Work order: In the entries below, the lines from the one with "#53=LINE('',#52,#51);" through the one with "#75=LINE('',#74,#73);" are to be copied exactly; both ends count.

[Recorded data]
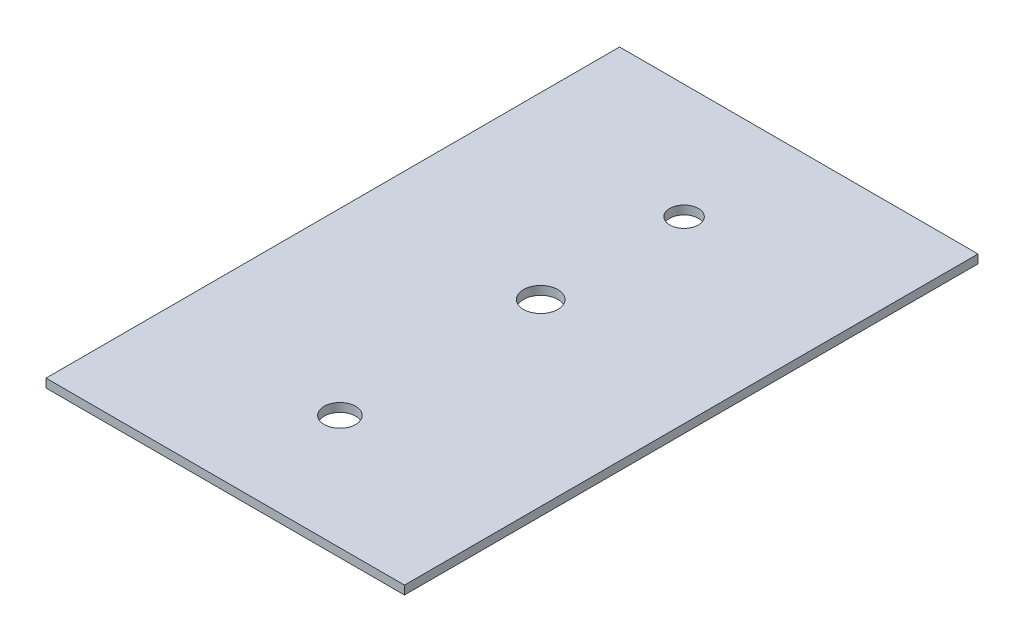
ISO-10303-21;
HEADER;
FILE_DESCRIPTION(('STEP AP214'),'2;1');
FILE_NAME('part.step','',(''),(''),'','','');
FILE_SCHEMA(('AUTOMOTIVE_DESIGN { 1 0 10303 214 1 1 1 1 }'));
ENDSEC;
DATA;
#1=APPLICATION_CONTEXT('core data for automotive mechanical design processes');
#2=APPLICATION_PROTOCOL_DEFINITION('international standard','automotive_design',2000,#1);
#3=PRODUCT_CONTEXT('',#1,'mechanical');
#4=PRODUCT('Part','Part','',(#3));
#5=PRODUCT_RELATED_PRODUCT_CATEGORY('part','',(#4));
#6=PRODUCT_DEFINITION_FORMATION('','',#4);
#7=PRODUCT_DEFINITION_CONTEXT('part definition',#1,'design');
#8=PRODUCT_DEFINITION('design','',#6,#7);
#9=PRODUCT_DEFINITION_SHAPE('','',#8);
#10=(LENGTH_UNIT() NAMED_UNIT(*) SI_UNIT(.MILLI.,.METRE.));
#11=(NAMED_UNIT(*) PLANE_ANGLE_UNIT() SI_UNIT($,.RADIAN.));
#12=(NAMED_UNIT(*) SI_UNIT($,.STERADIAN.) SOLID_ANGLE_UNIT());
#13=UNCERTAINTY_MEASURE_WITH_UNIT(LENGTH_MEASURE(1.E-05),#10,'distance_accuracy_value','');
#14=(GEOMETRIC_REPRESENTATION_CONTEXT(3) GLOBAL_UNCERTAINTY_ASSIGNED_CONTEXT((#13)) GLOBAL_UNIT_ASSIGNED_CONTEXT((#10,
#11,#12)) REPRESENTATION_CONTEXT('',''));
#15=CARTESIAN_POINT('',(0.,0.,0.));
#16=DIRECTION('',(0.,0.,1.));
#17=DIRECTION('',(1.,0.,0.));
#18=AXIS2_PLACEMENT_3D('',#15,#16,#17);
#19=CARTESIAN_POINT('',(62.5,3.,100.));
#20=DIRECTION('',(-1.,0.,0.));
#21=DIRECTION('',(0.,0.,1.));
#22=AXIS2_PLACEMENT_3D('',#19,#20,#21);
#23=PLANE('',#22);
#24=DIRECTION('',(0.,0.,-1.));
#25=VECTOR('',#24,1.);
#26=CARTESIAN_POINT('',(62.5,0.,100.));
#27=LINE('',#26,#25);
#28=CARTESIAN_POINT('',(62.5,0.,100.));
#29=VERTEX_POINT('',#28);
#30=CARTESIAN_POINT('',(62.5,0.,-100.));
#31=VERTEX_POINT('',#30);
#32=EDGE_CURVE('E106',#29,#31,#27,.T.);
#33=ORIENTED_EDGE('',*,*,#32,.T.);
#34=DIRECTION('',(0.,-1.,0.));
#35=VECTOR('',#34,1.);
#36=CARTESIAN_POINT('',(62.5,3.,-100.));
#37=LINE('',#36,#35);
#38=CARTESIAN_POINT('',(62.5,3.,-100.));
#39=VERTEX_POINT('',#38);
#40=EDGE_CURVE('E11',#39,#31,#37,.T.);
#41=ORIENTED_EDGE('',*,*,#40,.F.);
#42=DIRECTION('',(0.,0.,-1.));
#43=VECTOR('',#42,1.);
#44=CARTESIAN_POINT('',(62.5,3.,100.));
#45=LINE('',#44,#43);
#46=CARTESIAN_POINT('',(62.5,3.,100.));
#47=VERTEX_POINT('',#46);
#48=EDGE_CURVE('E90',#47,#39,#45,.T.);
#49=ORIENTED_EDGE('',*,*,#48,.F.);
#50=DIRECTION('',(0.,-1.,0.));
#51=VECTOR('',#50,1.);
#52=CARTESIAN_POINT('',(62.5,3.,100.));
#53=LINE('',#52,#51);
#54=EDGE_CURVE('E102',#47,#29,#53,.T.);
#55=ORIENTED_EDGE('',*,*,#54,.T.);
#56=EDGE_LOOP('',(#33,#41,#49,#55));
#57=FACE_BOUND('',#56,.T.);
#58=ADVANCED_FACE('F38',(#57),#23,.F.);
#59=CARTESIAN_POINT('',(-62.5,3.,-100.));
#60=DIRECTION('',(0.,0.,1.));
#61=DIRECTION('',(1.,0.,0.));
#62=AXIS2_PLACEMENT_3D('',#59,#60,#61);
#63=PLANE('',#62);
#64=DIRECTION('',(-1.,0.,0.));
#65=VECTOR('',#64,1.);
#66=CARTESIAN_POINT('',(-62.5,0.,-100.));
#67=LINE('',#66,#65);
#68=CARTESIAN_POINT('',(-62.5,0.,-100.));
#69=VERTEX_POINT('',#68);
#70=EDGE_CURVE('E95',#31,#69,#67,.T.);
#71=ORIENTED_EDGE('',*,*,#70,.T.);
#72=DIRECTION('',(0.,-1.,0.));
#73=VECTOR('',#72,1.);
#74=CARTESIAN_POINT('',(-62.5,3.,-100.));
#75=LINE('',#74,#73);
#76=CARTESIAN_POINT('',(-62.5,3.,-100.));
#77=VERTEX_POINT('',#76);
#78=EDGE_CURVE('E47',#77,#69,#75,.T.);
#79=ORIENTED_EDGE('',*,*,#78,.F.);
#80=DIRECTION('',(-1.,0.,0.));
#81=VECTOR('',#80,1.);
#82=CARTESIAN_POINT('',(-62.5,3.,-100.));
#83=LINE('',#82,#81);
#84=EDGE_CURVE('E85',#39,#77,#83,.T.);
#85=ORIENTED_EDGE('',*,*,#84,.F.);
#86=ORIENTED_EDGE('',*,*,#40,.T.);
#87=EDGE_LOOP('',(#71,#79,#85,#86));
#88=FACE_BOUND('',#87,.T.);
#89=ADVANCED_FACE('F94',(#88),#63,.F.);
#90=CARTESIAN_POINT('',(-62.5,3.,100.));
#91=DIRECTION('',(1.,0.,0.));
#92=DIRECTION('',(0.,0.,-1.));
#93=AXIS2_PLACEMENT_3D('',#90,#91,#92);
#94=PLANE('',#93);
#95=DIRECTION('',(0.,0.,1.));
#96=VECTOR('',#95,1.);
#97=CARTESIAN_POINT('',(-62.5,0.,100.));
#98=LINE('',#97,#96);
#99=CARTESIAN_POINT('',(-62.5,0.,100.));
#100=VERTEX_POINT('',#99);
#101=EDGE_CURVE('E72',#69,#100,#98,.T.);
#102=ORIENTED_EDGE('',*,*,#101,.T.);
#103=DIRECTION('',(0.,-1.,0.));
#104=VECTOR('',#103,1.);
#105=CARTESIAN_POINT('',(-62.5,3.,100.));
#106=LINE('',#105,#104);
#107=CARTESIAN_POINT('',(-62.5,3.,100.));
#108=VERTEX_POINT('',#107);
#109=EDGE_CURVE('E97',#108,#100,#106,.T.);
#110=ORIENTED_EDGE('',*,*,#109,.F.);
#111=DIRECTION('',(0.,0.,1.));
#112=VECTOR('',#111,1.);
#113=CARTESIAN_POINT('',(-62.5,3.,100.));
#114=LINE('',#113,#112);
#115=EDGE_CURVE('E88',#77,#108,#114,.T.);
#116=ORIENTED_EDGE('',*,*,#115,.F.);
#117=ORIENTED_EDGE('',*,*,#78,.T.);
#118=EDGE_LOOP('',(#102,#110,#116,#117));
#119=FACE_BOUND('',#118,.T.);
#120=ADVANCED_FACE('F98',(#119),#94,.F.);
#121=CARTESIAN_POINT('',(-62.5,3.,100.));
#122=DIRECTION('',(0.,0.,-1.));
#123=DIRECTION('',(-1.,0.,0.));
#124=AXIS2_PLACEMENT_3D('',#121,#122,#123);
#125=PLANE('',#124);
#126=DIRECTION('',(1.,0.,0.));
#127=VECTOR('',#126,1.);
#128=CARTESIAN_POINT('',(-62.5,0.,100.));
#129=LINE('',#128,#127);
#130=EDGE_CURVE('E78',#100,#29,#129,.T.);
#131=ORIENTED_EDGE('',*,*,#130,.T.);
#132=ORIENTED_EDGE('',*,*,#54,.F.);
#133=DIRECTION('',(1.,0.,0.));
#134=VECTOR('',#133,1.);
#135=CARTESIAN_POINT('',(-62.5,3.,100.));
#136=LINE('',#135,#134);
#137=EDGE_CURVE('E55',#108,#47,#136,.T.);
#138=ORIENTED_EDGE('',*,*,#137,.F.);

Answer box:
#53=LINE('',#52,#51);
#54=EDGE_CURVE('E102',#47,#29,#53,.T.);
#55=ORIENTED_EDGE('',*,*,#54,.T.);
#56=EDGE_LOOP('',(#33,#41,#49,#55));
#57=FACE_BOUND('',#56,.T.);
#58=ADVANCED_FACE('F38',(#57),#23,.F.);
#59=CARTESIAN_POINT('',(-62.5,3.,-100.));
#60=DIRECTION('',(0.,0.,1.));
#61=DIRECTION('',(1.,0.,0.));
#62=AXIS2_PLACEMENT_3D('',#59,#60,#61);
#63=PLANE('',#62);
#64=DIRECTION('',(-1.,0.,0.));
#65=VECTOR('',#64,1.);
#66=CARTESIAN_POINT('',(-62.5,0.,-100.));
#67=LINE('',#66,#65);
#68=CARTESIAN_POINT('',(-62.5,0.,-100.));
#69=VERTEX_POINT('',#68);
#70=EDGE_CURVE('E95',#31,#69,#67,.T.);
#71=ORIENTED_EDGE('',*,*,#70,.T.);
#72=DIRECTION('',(0.,-1.,0.));
#73=VECTOR('',#72,1.);
#74=CARTESIAN_POINT('',(-62.5,3.,-100.));
#75=LINE('',#74,#73);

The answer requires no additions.